- Action item -
Find the line in the entries below that contains "#122=VERTEX_POINT('',#121);". Repeat it exactly, and every line after it through the line that contains "#131=CARTESIAN_POINT('',(15.24,-10.0548097620958,10.16));".

Source records:

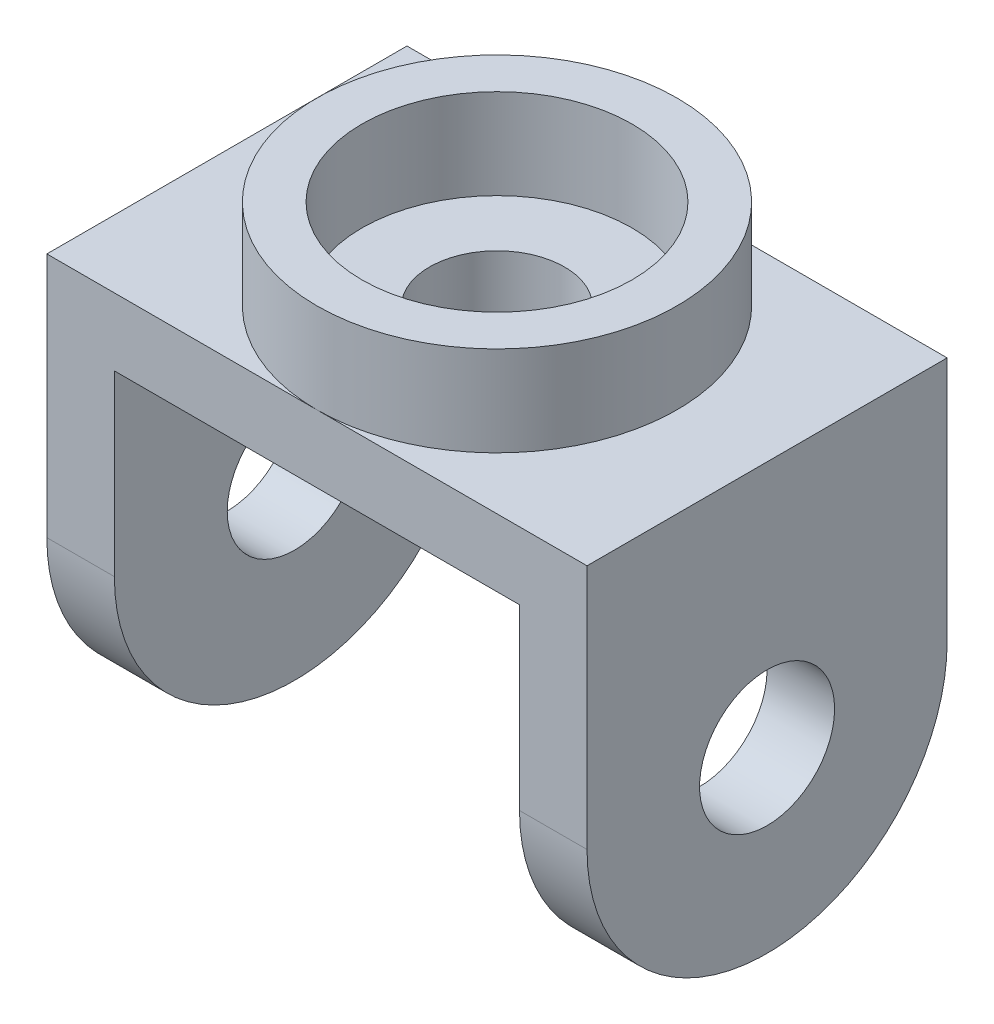
ISO-10303-21;
HEADER;
FILE_DESCRIPTION(('STEP AP214'),'2;1');
FILE_NAME('part.step','',(''),(''),'','','');
FILE_SCHEMA(('AUTOMOTIVE_DESIGN { 1 0 10303 214 1 1 1 1 }'));
ENDSEC;
DATA;
#1=APPLICATION_CONTEXT('core data for automotive mechanical design processes');
#2=APPLICATION_PROTOCOL_DEFINITION('international standard','automotive_design',2000,#1);
#3=PRODUCT_CONTEXT('',#1,'mechanical');
#4=PRODUCT('Part','Part','',(#3));
#5=PRODUCT_RELATED_PRODUCT_CATEGORY('part','',(#4));
#6=PRODUCT_DEFINITION_FORMATION('','',#4);
#7=PRODUCT_DEFINITION_CONTEXT('part definition',#1,'design');
#8=PRODUCT_DEFINITION('design','',#6,#7);
#9=PRODUCT_DEFINITION_SHAPE('','',#8);
#10=(LENGTH_UNIT() NAMED_UNIT(*) SI_UNIT(.MILLI.,.METRE.));
#11=(NAMED_UNIT(*) PLANE_ANGLE_UNIT() SI_UNIT($,.RADIAN.));
#12=(NAMED_UNIT(*) SI_UNIT($,.STERADIAN.) SOLID_ANGLE_UNIT());
#13=UNCERTAINTY_MEASURE_WITH_UNIT(LENGTH_MEASURE(1.E-05),#10,'distance_accuracy_value','');
#14=(GEOMETRIC_REPRESENTATION_CONTEXT(3) GLOBAL_UNCERTAINTY_ASSIGNED_CONTEXT((#13)) GLOBAL_UNIT_ASSIGNED_CONTEXT((#10,
#11,#12)) REPRESENTATION_CONTEXT('',''));
#15=CARTESIAN_POINT('',(0.,0.,0.));
#16=DIRECTION('',(0.,0.,1.));
#17=DIRECTION('',(1.,0.,0.));
#18=AXIS2_PLACEMENT_3D('',#15,#16,#17);
#19=CARTESIAN_POINT('',(0.,0.,0.));
#20=DIRECTION('',(0.,-1.,0.));
#21=DIRECTION('',(0.,0.,-1.));
#22=AXIS2_PLACEMENT_3D('',#19,#20,#21);
#23=PLANE('',#22);
#24=CARTESIAN_POINT('',(0.,0.,0.));
#25=DIRECTION('',(0.,1.,0.));
#26=DIRECTION('',(0.,0.,1.));
#27=AXIS2_PLACEMENT_3D('',#24,#25,#26);
#28=CIRCLE('',#27,3.81);
#29=CARTESIAN_POINT('',(0.,0.,3.81));
#30=VERTEX_POINT('',#29);
#31=EDGE_CURVE('E166',#30,#30,#28,.T.);
#32=ORIENTED_EDGE('',*,*,#31,.T.);
#33=EDGE_LOOP('',(#32));
#34=FACE_BOUND('',#33,.T.);
#35=DIRECTION('',(1.,0.,0.));
#36=VECTOR('',#35,1.);
#37=CARTESIAN_POINT('',(-15.24,0.,10.16));
#38=LINE('',#37,#36);
#39=CARTESIAN_POINT('',(-11.43,0.,10.16));
#40=VERTEX_POINT('',#39);
#41=CARTESIAN_POINT('',(11.43,0.,10.16));
#42=VERTEX_POINT('',#41);
#43=EDGE_CURVE('E186',#40,#42,#38,.T.);
#44=ORIENTED_EDGE('',*,*,#43,.F.);
#45=DIRECTION('',(0.,0.,-1.));
#46=VECTOR('',#45,1.);
#47=CARTESIAN_POINT('',(-11.43,0.,0.));
#48=LINE('',#47,#46);
#49=CARTESIAN_POINT('',(-11.43,0.,-10.16));
#50=VERTEX_POINT('',#49);
#51=EDGE_CURVE('E140',#40,#50,#48,.T.);
#52=ORIENTED_EDGE('',*,*,#51,.T.);
#53=DIRECTION('',(-1.,0.,0.));
#54=VECTOR('',#53,1.);
#55=CARTESIAN_POINT('',(-15.24,0.,-10.16));
#56=LINE('',#55,#54);
#57=CARTESIAN_POINT('',(11.43,0.,-10.16));
#58=VERTEX_POINT('',#57);
#59=EDGE_CURVE('E115',#58,#50,#56,.T.);
#60=ORIENTED_EDGE('',*,*,#59,.F.);
#61=DIRECTION('',(0.,0.,1.));
#62=VECTOR('',#61,1.);
#63=CARTESIAN_POINT('',(11.43,0.,0.));
#64=LINE('',#63,#62);
#65=EDGE_CURVE('E11',#58,#42,#64,.T.);
#66=ORIENTED_EDGE('',*,*,#65,.T.);
#67=EDGE_LOOP('',(#44,#52,#60,#66));
#68=FACE_BOUND('',#67,.T.);
#69=ADVANCED_FACE('F36',(#34,#68),#23,.T.);
#70=CARTESIAN_POINT('',(0.,3.81,0.));
#71=DIRECTION('',(0.,-1.,0.));
#72=DIRECTION('',(0.,0.,-1.));
#73=AXIS2_PLACEMENT_3D('',#70,#71,#72);
#74=PLANE('',#73);
#75=DIRECTION('',(-1.,0.,0.));
#76=VECTOR('',#75,1.);
#77=CARTESIAN_POINT('',(-15.24,3.81,-10.16));
#78=LINE('',#77,#76);
#79=CARTESIAN_POINT('',(15.24,3.81,-10.16));
#80=VERTEX_POINT('',#79);
#81=CARTESIAN_POINT('',(0.,3.81,-10.16));
#82=VERTEX_POINT('',#81);
#83=EDGE_CURVE('E51',#80,#82,#78,.T.);
#84=ORIENTED_EDGE('',*,*,#83,.T.);
#85=CARTESIAN_POINT('',(0.,3.81,0.));
#86=DIRECTION('',(0.,1.,0.));
#87=DIRECTION('',(0.,0.,1.));
#88=AXIS2_PLACEMENT_3D('',#85,#86,#87);
#89=CIRCLE('',#88,10.16);
#90=CARTESIAN_POINT('',(0.,3.81,10.16));
#91=VERTEX_POINT('',#90);
#92=EDGE_CURVE('E176',#91,#82,#89,.T.);
#93=ORIENTED_EDGE('',*,*,#92,.F.);
#94=DIRECTION('',(1.,0.,0.));
#95=VECTOR('',#94,1.);
#96=CARTESIAN_POINT('',(-15.24,3.81,10.16));
#97=LINE('',#96,#95);
#98=CARTESIAN_POINT('',(15.24,3.81,10.16));
#99=VERTEX_POINT('',#98);
#100=EDGE_CURVE('E56',#91,#99,#97,.T.);
#101=ORIENTED_EDGE('',*,*,#100,.T.);
#102=DIRECTION('',(0.,0.,-1.));
#103=VECTOR('',#102,1.);
#104=CARTESIAN_POINT('',(15.24,3.81,10.16));
#105=LINE('',#104,#103);
#106=EDGE_CURVE('E183',#99,#80,#105,.T.);
#107=ORIENTED_EDGE('',*,*,#106,.T.);
#108=EDGE_LOOP('',(#84,#93,#101,#107));
#109=FACE_BOUND('',#108,.T.);
#110=ADVANCED_FACE('F216',(#109),#74,.F.);
#111=CARTESIAN_POINT('',(15.24,3.81,10.16));
#112=DIRECTION('',(-1.,0.,0.));
#113=DIRECTION('',(0.,0.,1.));
#114=AXIS2_PLACEMENT_3D('',#111,#112,#113);
#115=PLANE('',#114);
#116=CARTESIAN_POINT('',(15.24,-10.16,0.));
#117=DIRECTION('',(1.,0.,0.));
#118=DIRECTION('',(0.,0.,-1.));
#119=AXIS2_PLACEMENT_3D('',#116,#117,#118);
#120=CIRCLE('',#119,3.81);
#121=CARTESIAN_POINT('',(15.24,-10.16,-3.81));
#122=VERTEX_POINT('',#121);
#123=EDGE_CURVE('E143',#122,#122,#120,.T.);
#124=ORIENTED_EDGE('',*,*,#123,.F.);
#125=EDGE_LOOP('',(#124));
#126=FACE_BOUND('',#125,.T.);
#127=DIRECTION('',(0.,-1.,0.));
#128=VECTOR('',#127,1.);
#129=CARTESIAN_POINT('',(15.24,3.81,10.16));
#130=LINE('',#129,#128);
#131=CARTESIAN_POINT('',(15.24,-10.0548097620958,10.16));
#132=VERTEX_POINT('',#131);
#133=EDGE_CURVE('E192',#99,#132,#130,.T.);
#134=ORIENTED_EDGE('',*,*,#133,.T.);
#135=CARTESIAN_POINT('',(15.24,-10.0548097620958,0.));
#136=DIRECTION('',(1.,0.,0.));
#137=DIRECTION('',(0.,0.,-1.));
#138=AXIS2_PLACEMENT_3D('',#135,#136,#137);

- Answer space -
#122=VERTEX_POINT('',#121);
#123=EDGE_CURVE('E143',#122,#122,#120,.T.);
#124=ORIENTED_EDGE('',*,*,#123,.F.);
#125=EDGE_LOOP('',(#124));
#126=FACE_BOUND('',#125,.T.);
#127=DIRECTION('',(0.,-1.,0.));
#128=VECTOR('',#127,1.);
#129=CARTESIAN_POINT('',(15.24,3.81,10.16));
#130=LINE('',#129,#128);
#131=CARTESIAN_POINT('',(15.24,-10.0548097620958,10.16));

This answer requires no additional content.